## Records to use:

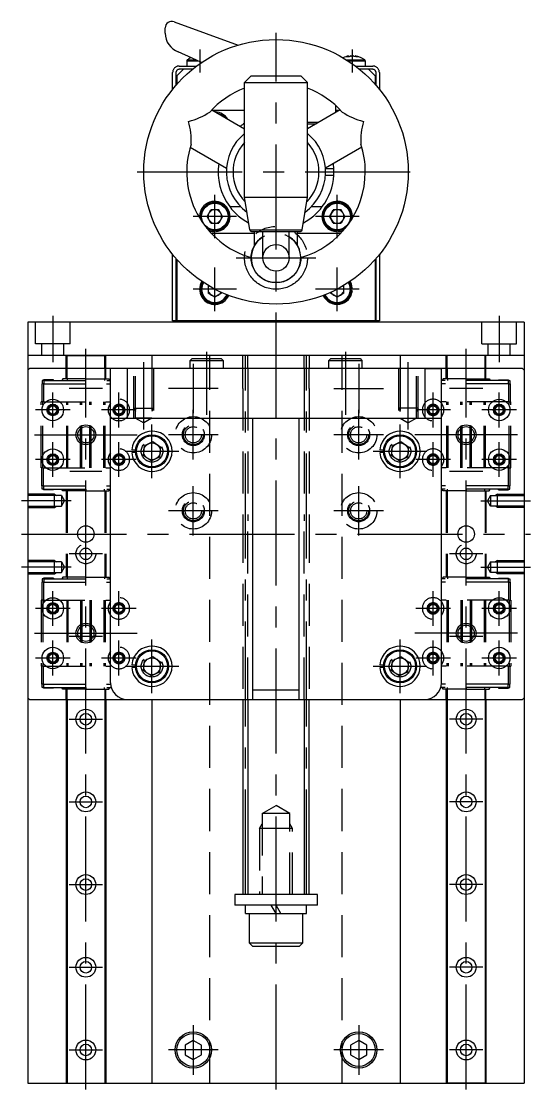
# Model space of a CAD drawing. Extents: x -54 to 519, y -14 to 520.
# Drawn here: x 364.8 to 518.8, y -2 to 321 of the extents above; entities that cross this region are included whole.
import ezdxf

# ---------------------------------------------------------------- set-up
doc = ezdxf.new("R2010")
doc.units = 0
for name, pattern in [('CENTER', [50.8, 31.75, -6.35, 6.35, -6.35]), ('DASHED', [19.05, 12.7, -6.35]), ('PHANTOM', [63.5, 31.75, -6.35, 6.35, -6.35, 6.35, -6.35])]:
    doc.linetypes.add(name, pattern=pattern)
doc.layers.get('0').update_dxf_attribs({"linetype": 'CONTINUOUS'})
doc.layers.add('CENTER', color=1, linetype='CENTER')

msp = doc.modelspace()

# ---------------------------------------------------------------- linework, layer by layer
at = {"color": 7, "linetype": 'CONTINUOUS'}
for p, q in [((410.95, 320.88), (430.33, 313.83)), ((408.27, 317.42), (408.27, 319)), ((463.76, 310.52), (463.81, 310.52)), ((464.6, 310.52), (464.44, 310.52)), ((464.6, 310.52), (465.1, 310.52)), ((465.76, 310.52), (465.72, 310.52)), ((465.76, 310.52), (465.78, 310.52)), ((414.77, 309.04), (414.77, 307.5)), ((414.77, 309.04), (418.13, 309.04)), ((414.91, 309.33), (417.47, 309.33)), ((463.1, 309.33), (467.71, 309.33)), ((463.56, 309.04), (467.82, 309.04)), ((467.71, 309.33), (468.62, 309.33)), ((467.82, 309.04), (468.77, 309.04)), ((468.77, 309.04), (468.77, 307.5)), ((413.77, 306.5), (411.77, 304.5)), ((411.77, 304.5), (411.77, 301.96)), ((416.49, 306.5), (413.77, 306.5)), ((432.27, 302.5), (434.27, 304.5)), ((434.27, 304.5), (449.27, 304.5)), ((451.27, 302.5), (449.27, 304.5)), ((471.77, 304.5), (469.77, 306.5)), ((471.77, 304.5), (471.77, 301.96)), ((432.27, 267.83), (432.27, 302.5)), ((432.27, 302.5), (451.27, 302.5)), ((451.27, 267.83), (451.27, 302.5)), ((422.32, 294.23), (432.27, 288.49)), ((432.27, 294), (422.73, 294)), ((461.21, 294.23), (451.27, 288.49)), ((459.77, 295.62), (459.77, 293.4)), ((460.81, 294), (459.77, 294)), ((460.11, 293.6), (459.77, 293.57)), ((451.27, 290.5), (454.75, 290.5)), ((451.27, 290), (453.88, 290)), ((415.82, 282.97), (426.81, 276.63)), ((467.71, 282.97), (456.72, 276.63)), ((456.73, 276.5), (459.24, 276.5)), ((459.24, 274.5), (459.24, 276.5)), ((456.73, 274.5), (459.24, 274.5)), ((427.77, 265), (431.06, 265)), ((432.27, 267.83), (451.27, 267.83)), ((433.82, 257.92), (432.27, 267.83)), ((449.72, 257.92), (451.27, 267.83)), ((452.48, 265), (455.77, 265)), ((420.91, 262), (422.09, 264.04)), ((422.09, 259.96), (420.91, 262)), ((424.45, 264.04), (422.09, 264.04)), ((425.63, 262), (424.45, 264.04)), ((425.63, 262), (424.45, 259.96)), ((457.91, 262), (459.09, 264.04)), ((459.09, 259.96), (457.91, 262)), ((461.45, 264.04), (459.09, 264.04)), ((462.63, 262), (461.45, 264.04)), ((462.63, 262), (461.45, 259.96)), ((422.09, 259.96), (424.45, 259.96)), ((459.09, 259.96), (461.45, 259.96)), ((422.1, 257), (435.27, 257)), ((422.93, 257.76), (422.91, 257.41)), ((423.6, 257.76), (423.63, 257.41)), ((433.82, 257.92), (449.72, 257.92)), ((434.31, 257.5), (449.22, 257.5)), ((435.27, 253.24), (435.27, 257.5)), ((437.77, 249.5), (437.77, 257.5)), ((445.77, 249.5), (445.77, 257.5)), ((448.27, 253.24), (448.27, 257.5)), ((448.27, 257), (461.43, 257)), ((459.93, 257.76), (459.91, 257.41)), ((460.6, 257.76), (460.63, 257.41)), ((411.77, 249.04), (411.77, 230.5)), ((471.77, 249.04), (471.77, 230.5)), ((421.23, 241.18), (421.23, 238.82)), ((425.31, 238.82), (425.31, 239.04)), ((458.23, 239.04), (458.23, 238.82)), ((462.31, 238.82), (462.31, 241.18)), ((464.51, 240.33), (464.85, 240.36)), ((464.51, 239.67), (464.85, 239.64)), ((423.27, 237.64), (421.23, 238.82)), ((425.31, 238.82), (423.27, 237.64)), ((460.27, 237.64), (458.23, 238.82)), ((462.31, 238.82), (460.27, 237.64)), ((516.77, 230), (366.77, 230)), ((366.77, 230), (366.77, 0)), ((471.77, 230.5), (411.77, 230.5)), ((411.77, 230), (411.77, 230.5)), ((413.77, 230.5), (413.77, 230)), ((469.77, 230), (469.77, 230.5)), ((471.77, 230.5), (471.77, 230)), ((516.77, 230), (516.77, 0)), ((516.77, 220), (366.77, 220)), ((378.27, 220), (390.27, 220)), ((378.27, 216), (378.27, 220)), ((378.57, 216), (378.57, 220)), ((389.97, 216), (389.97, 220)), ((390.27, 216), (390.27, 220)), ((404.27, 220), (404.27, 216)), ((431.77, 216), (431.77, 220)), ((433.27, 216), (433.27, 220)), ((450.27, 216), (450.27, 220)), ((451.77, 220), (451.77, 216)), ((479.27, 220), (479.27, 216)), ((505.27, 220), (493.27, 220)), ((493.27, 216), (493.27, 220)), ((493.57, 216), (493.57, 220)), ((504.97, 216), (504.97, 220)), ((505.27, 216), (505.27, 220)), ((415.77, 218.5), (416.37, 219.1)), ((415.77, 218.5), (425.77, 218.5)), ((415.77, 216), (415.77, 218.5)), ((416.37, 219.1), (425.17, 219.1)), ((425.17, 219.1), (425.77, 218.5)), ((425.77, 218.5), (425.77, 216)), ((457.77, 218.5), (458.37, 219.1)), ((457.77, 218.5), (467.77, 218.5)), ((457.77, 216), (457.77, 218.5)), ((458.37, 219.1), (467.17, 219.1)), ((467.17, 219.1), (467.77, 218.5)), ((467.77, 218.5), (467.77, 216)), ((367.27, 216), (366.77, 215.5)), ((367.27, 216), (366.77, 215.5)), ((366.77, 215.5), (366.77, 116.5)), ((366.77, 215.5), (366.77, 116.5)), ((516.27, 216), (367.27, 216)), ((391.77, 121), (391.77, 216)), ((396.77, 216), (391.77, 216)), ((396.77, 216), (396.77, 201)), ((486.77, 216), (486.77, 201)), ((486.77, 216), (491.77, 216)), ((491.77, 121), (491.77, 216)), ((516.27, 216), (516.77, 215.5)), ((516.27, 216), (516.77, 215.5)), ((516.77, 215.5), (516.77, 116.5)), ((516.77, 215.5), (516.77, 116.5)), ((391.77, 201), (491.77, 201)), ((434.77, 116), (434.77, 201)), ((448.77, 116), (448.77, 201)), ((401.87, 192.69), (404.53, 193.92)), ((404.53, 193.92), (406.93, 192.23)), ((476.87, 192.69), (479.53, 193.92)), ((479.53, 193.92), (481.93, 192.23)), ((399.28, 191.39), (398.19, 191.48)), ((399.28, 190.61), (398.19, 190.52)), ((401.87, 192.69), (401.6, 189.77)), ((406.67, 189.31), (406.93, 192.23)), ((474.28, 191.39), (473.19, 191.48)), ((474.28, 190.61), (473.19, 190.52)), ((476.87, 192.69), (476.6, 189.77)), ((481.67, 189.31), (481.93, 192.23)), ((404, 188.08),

## What you should do:
Whenever a line of the data holds the string "color", pick that line out.

## Solution for this task:
doc.layers.add('CENTER', color=1, linetype='CENTER')
at = {"color": 7, "linetype": 'CONTINUOUS'}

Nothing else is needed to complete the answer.